(Source data)
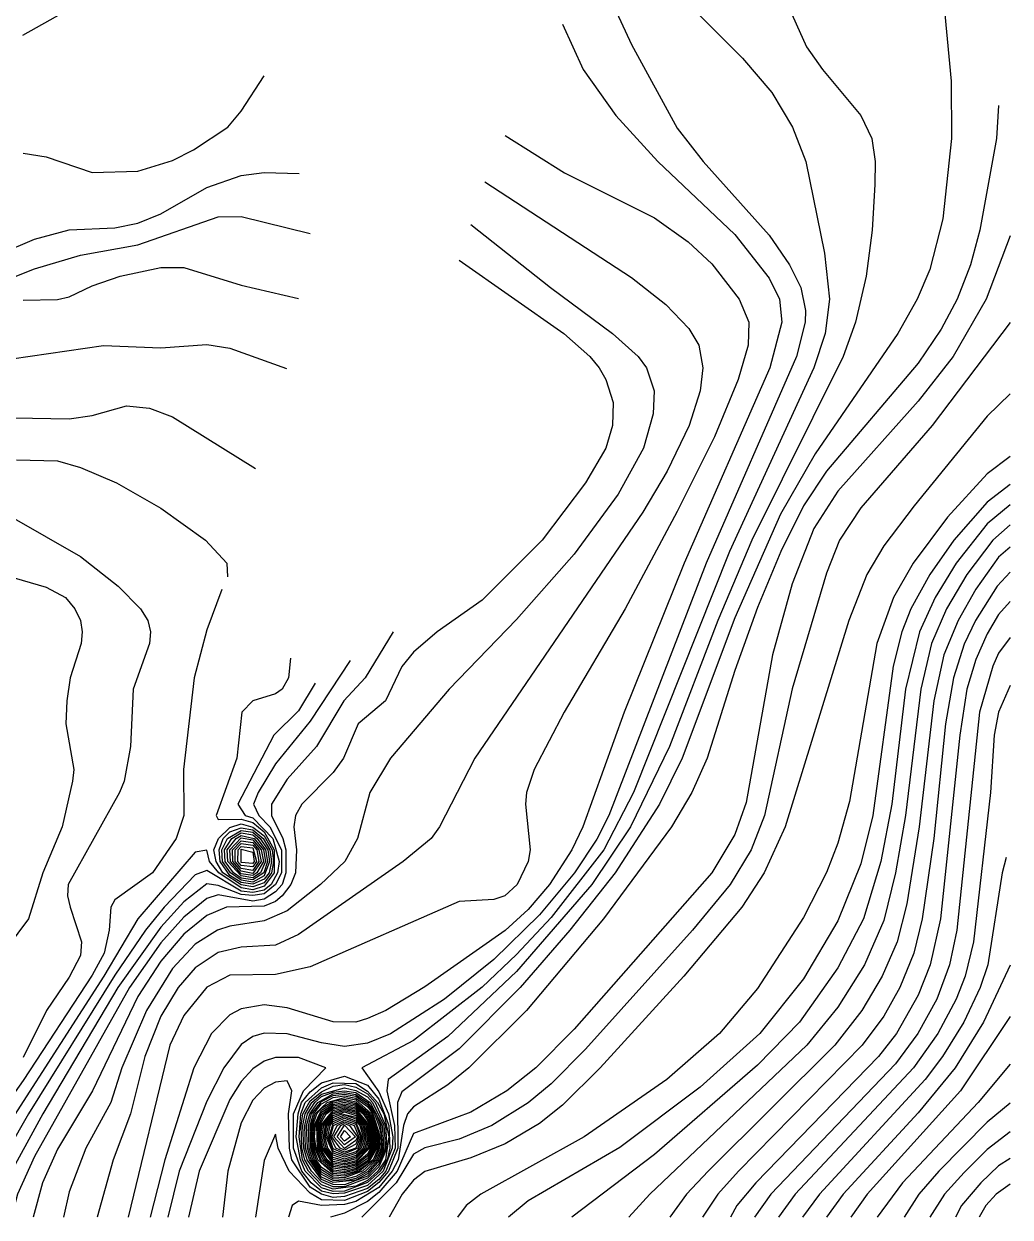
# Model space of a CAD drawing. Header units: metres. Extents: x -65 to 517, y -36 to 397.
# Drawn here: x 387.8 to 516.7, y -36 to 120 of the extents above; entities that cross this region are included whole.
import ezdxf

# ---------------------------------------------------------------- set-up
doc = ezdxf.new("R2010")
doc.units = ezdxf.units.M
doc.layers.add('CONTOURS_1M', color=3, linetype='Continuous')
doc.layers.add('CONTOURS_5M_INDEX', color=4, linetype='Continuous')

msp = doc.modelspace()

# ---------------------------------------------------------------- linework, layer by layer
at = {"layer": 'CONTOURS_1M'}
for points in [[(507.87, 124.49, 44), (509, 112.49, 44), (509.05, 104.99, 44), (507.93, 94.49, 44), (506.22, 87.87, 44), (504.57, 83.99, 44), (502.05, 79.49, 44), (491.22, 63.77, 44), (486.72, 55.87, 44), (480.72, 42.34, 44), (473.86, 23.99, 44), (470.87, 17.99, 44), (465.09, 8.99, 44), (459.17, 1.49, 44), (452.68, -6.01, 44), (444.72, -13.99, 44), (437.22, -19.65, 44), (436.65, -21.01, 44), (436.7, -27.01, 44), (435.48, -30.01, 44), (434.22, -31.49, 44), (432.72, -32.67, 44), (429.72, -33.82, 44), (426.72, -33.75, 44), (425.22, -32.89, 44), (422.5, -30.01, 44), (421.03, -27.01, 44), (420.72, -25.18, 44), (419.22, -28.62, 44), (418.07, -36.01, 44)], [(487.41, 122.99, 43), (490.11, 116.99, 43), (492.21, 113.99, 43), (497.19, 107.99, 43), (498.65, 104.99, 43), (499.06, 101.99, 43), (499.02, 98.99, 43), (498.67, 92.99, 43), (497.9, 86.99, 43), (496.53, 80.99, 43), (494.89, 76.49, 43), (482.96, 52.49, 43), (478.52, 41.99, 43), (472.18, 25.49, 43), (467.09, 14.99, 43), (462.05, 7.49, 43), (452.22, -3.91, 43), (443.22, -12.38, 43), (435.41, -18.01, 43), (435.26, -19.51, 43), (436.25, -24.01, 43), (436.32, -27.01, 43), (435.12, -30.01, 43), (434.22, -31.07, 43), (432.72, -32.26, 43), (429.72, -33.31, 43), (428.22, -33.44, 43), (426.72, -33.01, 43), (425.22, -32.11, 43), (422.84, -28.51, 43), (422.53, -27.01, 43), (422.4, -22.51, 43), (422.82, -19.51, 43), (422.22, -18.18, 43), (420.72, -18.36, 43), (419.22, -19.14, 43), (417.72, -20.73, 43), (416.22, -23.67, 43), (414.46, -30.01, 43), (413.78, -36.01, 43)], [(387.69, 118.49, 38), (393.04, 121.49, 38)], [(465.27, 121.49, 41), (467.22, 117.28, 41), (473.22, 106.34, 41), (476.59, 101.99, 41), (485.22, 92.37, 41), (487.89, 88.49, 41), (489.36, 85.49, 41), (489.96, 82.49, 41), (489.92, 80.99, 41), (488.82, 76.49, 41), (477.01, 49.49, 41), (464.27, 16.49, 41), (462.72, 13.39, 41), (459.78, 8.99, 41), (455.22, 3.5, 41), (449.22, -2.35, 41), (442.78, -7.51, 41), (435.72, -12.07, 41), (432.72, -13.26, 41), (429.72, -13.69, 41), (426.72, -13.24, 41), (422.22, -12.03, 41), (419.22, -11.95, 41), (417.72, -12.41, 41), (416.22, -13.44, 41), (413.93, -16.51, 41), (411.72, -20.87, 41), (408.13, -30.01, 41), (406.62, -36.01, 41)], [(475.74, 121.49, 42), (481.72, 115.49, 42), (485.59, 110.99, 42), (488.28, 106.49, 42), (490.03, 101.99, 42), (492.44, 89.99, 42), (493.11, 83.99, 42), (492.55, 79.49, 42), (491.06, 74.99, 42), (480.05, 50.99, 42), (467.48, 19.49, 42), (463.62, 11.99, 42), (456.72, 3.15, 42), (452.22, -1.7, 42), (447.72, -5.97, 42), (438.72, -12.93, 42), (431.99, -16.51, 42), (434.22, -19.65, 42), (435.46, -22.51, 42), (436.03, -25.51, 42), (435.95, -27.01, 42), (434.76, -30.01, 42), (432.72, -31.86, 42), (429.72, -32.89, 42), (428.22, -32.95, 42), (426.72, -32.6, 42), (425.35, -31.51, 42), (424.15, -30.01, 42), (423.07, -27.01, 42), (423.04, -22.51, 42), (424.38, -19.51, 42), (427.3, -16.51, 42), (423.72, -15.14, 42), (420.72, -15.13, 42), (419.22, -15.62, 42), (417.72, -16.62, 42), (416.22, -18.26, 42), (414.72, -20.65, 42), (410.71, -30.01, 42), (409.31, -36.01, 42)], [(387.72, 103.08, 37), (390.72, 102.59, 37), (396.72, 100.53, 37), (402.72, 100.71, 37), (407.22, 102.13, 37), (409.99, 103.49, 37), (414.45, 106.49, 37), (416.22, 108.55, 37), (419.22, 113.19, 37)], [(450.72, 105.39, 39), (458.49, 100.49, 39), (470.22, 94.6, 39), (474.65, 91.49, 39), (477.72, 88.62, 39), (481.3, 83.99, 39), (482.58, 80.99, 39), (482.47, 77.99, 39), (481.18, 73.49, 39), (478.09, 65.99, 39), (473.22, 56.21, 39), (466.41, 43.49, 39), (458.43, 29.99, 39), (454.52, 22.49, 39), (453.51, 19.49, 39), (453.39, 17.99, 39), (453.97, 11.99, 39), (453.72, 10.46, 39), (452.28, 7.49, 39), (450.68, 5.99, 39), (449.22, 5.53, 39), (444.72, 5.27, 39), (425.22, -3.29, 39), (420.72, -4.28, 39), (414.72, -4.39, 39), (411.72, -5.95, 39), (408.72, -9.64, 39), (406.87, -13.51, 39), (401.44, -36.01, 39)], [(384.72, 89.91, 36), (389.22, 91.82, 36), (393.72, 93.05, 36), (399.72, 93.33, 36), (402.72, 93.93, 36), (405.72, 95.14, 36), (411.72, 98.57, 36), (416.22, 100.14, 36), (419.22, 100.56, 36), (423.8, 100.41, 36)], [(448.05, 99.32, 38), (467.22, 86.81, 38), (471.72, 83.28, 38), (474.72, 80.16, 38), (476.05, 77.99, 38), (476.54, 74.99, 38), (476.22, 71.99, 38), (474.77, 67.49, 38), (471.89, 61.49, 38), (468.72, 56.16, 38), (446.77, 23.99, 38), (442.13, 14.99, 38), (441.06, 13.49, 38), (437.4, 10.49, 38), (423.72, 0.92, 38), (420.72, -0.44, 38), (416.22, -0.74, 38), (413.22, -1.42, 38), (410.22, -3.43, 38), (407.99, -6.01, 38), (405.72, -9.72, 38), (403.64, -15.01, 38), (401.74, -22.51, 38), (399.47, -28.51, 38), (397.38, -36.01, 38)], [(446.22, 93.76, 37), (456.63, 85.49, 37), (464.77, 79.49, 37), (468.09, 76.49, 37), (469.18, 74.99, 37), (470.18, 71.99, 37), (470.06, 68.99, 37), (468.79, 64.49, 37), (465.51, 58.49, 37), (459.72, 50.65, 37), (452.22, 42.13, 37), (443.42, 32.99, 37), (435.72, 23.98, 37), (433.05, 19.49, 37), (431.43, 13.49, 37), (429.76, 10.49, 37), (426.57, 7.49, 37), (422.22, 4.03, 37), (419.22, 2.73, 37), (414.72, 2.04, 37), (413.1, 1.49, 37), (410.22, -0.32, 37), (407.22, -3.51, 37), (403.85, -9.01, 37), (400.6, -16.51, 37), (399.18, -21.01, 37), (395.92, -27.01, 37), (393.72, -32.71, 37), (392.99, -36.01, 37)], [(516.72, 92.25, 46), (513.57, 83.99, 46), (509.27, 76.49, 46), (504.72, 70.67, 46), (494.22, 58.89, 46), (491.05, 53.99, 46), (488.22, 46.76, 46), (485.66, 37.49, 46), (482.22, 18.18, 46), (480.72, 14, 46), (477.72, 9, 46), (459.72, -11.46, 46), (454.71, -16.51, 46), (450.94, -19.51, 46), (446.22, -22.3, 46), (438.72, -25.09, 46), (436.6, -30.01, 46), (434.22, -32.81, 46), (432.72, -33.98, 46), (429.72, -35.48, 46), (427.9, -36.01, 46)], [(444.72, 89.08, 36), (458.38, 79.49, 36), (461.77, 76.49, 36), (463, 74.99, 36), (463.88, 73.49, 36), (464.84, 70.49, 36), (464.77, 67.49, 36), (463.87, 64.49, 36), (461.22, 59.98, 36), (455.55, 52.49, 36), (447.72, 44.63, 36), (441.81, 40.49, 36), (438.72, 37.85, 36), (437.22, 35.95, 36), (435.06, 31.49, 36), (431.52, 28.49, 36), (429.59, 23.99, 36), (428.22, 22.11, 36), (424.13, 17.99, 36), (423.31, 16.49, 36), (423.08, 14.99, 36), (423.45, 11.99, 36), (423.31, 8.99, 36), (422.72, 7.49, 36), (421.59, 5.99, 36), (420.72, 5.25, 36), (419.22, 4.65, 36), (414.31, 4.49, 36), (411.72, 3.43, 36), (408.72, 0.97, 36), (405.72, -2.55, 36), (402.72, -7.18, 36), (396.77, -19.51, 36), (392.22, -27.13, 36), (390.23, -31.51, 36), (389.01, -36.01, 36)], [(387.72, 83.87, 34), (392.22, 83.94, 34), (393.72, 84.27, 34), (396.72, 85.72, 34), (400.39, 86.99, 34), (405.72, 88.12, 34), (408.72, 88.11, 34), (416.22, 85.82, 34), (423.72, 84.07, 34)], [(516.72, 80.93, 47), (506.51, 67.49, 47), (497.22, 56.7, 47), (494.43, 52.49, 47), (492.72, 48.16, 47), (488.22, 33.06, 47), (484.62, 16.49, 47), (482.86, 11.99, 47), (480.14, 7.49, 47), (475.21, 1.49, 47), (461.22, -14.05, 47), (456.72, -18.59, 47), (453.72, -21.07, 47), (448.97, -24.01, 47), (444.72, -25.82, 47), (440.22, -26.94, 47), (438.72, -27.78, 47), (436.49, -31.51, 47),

**TASK TO COMPLETE:** Line count for the word "linetype": work out how many lines of the data above include it, and reply with that number alone.

**YOUR RESPONSE:** 2